● Records supplied:
---*---

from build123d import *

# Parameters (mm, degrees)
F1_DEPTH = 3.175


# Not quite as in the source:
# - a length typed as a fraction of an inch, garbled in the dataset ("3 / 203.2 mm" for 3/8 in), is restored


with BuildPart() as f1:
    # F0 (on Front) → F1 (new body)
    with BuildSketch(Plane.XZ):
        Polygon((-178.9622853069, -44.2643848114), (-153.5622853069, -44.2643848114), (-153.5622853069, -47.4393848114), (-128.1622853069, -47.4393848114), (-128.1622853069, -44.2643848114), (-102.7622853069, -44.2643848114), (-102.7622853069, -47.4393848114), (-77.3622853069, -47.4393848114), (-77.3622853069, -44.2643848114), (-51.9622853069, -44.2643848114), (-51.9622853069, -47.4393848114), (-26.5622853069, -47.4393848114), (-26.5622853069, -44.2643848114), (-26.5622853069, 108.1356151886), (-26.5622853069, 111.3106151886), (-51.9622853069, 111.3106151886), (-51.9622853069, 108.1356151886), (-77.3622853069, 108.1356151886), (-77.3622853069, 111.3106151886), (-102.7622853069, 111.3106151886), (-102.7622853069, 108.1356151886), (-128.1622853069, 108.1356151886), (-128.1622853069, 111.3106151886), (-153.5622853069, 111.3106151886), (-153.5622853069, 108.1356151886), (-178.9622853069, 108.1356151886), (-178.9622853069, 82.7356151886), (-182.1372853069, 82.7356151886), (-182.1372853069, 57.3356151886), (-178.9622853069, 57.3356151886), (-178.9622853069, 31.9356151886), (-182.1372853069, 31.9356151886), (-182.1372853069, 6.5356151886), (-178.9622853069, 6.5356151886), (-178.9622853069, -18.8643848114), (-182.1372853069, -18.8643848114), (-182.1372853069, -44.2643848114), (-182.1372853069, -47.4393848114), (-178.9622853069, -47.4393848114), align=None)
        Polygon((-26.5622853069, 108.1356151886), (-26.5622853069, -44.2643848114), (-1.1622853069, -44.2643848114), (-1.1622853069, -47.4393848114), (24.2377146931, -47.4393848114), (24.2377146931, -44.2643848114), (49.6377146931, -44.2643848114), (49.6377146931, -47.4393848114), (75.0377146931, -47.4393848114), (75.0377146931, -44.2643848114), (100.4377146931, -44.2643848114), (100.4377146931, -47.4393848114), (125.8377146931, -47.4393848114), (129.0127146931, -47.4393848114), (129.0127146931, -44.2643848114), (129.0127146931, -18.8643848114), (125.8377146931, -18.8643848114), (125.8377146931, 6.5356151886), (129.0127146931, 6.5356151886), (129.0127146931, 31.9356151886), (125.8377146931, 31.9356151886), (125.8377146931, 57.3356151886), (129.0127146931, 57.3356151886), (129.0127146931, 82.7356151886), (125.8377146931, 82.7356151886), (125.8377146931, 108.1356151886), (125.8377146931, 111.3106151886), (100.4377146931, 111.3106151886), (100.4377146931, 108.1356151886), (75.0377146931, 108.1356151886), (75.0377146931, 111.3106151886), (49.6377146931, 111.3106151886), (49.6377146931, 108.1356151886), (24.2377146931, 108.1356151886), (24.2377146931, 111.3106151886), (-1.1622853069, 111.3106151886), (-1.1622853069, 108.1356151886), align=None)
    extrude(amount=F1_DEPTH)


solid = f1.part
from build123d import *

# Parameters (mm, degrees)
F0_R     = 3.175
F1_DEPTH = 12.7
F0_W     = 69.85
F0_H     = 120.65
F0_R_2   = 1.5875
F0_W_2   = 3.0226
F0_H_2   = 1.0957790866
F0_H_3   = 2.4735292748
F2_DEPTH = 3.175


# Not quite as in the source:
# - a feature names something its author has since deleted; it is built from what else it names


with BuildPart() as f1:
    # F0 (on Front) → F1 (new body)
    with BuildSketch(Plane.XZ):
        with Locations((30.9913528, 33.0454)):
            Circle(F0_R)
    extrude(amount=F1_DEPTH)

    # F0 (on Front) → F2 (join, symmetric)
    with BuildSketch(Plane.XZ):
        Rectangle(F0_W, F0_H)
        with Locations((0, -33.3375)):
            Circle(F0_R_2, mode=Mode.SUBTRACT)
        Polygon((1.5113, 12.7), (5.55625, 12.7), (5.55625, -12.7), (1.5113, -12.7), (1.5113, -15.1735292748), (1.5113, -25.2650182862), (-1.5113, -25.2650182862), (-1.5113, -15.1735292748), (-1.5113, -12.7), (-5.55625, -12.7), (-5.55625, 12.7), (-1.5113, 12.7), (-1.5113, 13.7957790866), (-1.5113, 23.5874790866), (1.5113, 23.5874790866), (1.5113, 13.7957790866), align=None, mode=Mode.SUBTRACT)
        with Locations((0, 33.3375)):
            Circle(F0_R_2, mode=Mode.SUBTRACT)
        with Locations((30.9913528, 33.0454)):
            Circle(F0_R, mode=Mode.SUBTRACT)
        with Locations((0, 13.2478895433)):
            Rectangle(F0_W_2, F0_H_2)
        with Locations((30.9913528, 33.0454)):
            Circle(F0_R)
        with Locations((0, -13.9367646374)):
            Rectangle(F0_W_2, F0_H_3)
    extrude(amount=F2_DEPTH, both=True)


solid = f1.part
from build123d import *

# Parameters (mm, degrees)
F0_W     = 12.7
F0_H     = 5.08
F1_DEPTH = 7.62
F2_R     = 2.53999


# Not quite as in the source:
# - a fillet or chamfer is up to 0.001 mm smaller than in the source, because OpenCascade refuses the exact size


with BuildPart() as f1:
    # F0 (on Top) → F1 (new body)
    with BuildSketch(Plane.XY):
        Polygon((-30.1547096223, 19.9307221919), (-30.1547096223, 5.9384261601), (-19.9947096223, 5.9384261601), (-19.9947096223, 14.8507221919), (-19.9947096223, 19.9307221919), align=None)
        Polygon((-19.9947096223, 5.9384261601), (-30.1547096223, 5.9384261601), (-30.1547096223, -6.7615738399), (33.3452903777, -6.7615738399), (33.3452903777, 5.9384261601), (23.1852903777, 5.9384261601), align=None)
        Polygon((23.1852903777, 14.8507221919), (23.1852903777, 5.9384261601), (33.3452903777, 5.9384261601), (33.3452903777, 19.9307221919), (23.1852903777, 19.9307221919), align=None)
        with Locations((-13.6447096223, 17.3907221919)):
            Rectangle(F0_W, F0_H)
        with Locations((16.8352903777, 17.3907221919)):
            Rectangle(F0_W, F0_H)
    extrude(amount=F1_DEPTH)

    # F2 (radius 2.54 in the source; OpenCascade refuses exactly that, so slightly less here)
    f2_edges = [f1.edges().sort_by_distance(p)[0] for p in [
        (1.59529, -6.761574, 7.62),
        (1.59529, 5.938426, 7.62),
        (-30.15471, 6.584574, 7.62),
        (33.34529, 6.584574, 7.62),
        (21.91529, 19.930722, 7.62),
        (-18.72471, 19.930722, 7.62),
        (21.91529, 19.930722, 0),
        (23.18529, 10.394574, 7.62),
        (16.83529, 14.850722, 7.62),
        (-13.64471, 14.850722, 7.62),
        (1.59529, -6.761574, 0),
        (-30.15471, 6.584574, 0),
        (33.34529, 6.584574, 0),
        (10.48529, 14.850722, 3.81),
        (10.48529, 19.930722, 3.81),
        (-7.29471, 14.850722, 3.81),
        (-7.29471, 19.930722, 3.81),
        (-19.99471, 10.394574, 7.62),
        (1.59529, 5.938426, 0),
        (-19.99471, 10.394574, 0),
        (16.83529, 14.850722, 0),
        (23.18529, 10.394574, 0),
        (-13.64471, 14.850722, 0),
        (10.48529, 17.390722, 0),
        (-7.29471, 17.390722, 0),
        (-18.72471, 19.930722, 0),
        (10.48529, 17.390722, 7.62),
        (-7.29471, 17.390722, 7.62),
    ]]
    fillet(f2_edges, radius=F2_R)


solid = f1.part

---*---

● Your instructions:
Retype the entries word for word.

● Response:
from build123d import *

# Parameters (mm, degrees)
F1_DEPTH = 3.175


# Not quite as in the source:
# - a length typed as a fraction of an inch, garbled in the dataset ("3 / 203.2 mm" for 3/8 in), is restored


with BuildPart() as f1:
    # F0 (on Front) → F1 (new body)
    with BuildSketch(Plane.XZ):
        Polygon((-178.9622853069, -44.2643848114), (-153.5622853069, -44.2643848114), (-153.5622853069, -47.4393848114), (-128.1622853069, -47.4393848114), (-128.1622853069, -44.2643848114), (-102.7622853069, -44.2643848114), (-102.7622853069, -47.4393848114), (-77.3622853069, -47.4393848114), (-77.3622853069, -44.2643848114), (-51.9622853069, -44.2643848114), (-51.9622853069, -47.4393848114), (-26.5622853069, -47.4393848114), (-26.5622853069, -44.2643848114), (-26.5622853069, 108.1356151886), (-26.5622853069, 111.3106151886), (-51.9622853069, 111.3106151886), (-51.9622853069, 108.1356151886), (-77.3622853069, 108.1356151886), (-77.3622853069, 111.3106151886), (-102.7622853069, 111.3106151886), (-102.7622853069, 108.1356151886), (-128.1622853069, 108.1356151886), (-128.1622853069, 111.3106151886), (-153.5622853069, 111.3106151886), (-153.5622853069, 108.1356151886), (-178.9622853069, 108.1356151886), (-178.9622853069, 82.7356151886), (-182.1372853069, 82.7356151886), (-182.1372853069, 57.3356151886), (-178.9622853069, 57.3356151886), (-178.9622853069, 31.9356151886), (-182.1372853069, 31.9356151886), (-182.1372853069, 6.5356151886), (-178.9622853069, 6.5356151886), (-178.9622853069, -18.8643848114), (-182.1372853069, -18.8643848114), (-182.1372853069, -44.2643848114), (-182.1372853069, -47.4393848114), (-178.9622853069, -47.4393848114), align=None)
        Polygon((-26.5622853069, 108.1356151886), (-26.5622853069, -44.2643848114), (-1.1622853069, -44.2643848114), (-1.1622853069, -47.4393848114), (24.2377146931, -47.4393848114), (24.2377146931, -44.2643848114), (49.6377146931, -44.2643848114), (49.6377146931, -47.4393848114), (75.0377146931, -47.4393848114), (75.0377146931, -44.2643848114), (100.4377146931, -44.2643848114), (100.4377146931, -47.4393848114), (125.8377146931, -47.4393848114), (129.0127146931, -47.4393848114), (129.0127146931, -44.2643848114), (129.0127146931, -18.8643848114), (125.8377146931, -18.8643848114), (125.8377146931, 6.5356151886), (129.0127146931, 6.5356151886), (129.0127146931, 31.9356151886), (125.8377146931, 31.9356151886), (125.8377146931, 57.3356151886), (129.0127146931, 57.3356151886), (129.0127146931, 82.7356151886), (125.8377146931, 82.7356151886), (125.8377146931, 108.1356151886), (125.8377146931, 111.3106151886), (100.4377146931, 111.3106151886), (100.4377146931, 108.1356151886), (75.0377146931, 108.1356151886), (75.0377146931, 111.3106151886), (49.6377146931, 111.3106151886), (49.6377146931, 108.1356151886), (24.2377146931, 108.1356151886), (24.2377146931, 111.3106151886), (-1.1622853069, 111.3106151886), (-1.1622853069, 108.1356151886), align=None)
    extrude(amount=F1_DEPTH)


solid = f1.part
from build123d import *

# Parameters (mm, degrees)
F0_R     = 3.175
F1_DEPTH = 12.7
F0_W     = 69.85
F0_H     = 120.65
F0_R_2   = 1.5875
F0_W_2   = 3.0226
F0_H_2   = 1.0957790866
F0_H_3   = 2.4735292748
F2_DEPTH = 3.175


# Not quite as in the source:
# - a feature names something its author has since deleted; it is built from what else it names


with BuildPart() as f1:
    # F0 (on Front) → F1 (new body)
    with BuildSketch(Plane.XZ):
        with Locations((30.9913528, 33.0454)):
            Circle(F0_R)
    extrude(amount=F1_DEPTH)

    # F0 (on Front) → F2 (join, symmetric)
    with BuildSketch(Plane.XZ):
        Rectangle(F0_W, F0_H)
        with Locations((0, -33.3375)):
            Circle(F0_R_2, mode=Mode.SUBTRACT)
        Polygon((1.5113, 12.7), (5.55625, 12.7), (5.55625, -12.7), (1.5113, -12.7), (1.5113, -15.1735292748), (1.5113, -25.2650182862), (-1.5113, -25.2650182862), (-1.5113, -15.1735292748), (-1.5113, -12.7), (-5.55625, -12.7), (-5.55625, 12.7), (-1.5113, 12.7), (-1.5113, 13.7957790866), (-1.5113, 23.5874790866), (1.5113, 23.5874790866), (1.5113, 13.7957790866), align=None, mode=Mode.SUBTRACT)
        with Locations((0, 33.3375)):
            Circle(F0_R_2, mode=Mode.SUBTRACT)
        with Locations((30.9913528, 33.0454)):
            Circle(F0_R, mode=Mode.SUBTRACT)
        with Locations((0, 13.2478895433)):
            Rectangle(F0_W_2, F0_H_2)
        with Locations((30.9913528, 33.0454)):
            Circle(F0_R)
        with Locations((0, -13.9367646374)):
            Rectangle(F0_W_2, F0_H_3)
    extrude(amount=F2_DEPTH, both=True)


solid = f1.part
from build123d import *

# Parameters (mm, degrees)
F0_W     = 12.7
F0_H     = 5.08
F1_DEPTH = 7.62
F2_R     = 2.53999


# Not quite as in the source:
# - a fillet or chamfer is up to 0.001 mm smaller than in the source, because OpenCascade refuses the exact size


with BuildPart() as f1:
    # F0 (on Top) → F1 (new body)
    with BuildSketch(Plane.XY):
        Polygon((-30.1547096223, 19.9307221919), (-30.1547096223, 5.9384261601), (-19.9947096223, 5.9384261601), (-19.9947096223, 14.8507221919), (-19.9947096223, 19.9307221919), align=None)
        Polygon((-19.9947096223, 5.9384261601), (-30.1547096223, 5.9384261601), (-30.1547096223, -6.7615738399), (33.3452903777, -6.7615738399), (33.3452903777, 5.9384261601), (23.1852903777, 5.9384261601), align=None)
        Polygon((23.1852903777, 14.8507221919), (23.1852903777, 5.9384261601), (33.3452903777, 5.9384261601), (33.3452903777, 19.9307221919), (23.1852903777, 19.9307221919), align=None)
        with Locations((-13.6447096223, 17.3907221919)):
            Rectangle(F0_W, F0_H)
        with Locations((16.8352903777, 17.3907221919)):
            Rectangle(F0_W, F0_H)
    extrude(amount=F1_DEPTH)

    # F2 (radius 2.54 in the source; OpenCascade refuses exactly that, so slightly less here)
    f2_edges = [f1.edges().sort_by_distance(p)[0] for p in [
        (1.59529, -6.761574, 7.62),
        (1.59529, 5.938426, 7.62),
        (-30.15471, 6.584574, 7.62),
        (33.34529, 6.584574, 7.62),
        (21.91529, 19.930722, 7.62),
        (-18.72471, 19.930722, 7.62),
        (21.91529, 19.930722, 0),
        (23.18529, 10.394574, 7.62),
        (16.83529, 14.850722, 7.62),
        (-13.64471, 14.850722, 7.62),
        (1.59529, -6.761574, 0),
        (-30.15471, 6.584574, 0),
        (33.34529, 6.584574, 0),
        (10.48529, 14.850722, 3.81),
        (10.48529, 19.930722, 3.81),
        (-7.29471, 14.850722, 3.81),
        (-7.29471, 19.930722, 3.81),
        (-19.99471, 10.394574, 7.62),
        (1.59529, 5.938426, 0),
        (-19.99471, 10.394574, 0),
        (16.83529, 14.850722, 0),
        (23.18529, 10.394574, 0),
        (-13.64471, 14.850722, 0),
        (10.48529, 17.390722, 0),
        (-7.29471, 17.390722, 0),
        (-18.72471, 19.930722, 0),
        (10.48529, 17.390722, 7.62),
        (-7.29471, 17.390722, 7.62),
    ]]
    fillet(f2_edges, radius=F2_R)


solid = f1.part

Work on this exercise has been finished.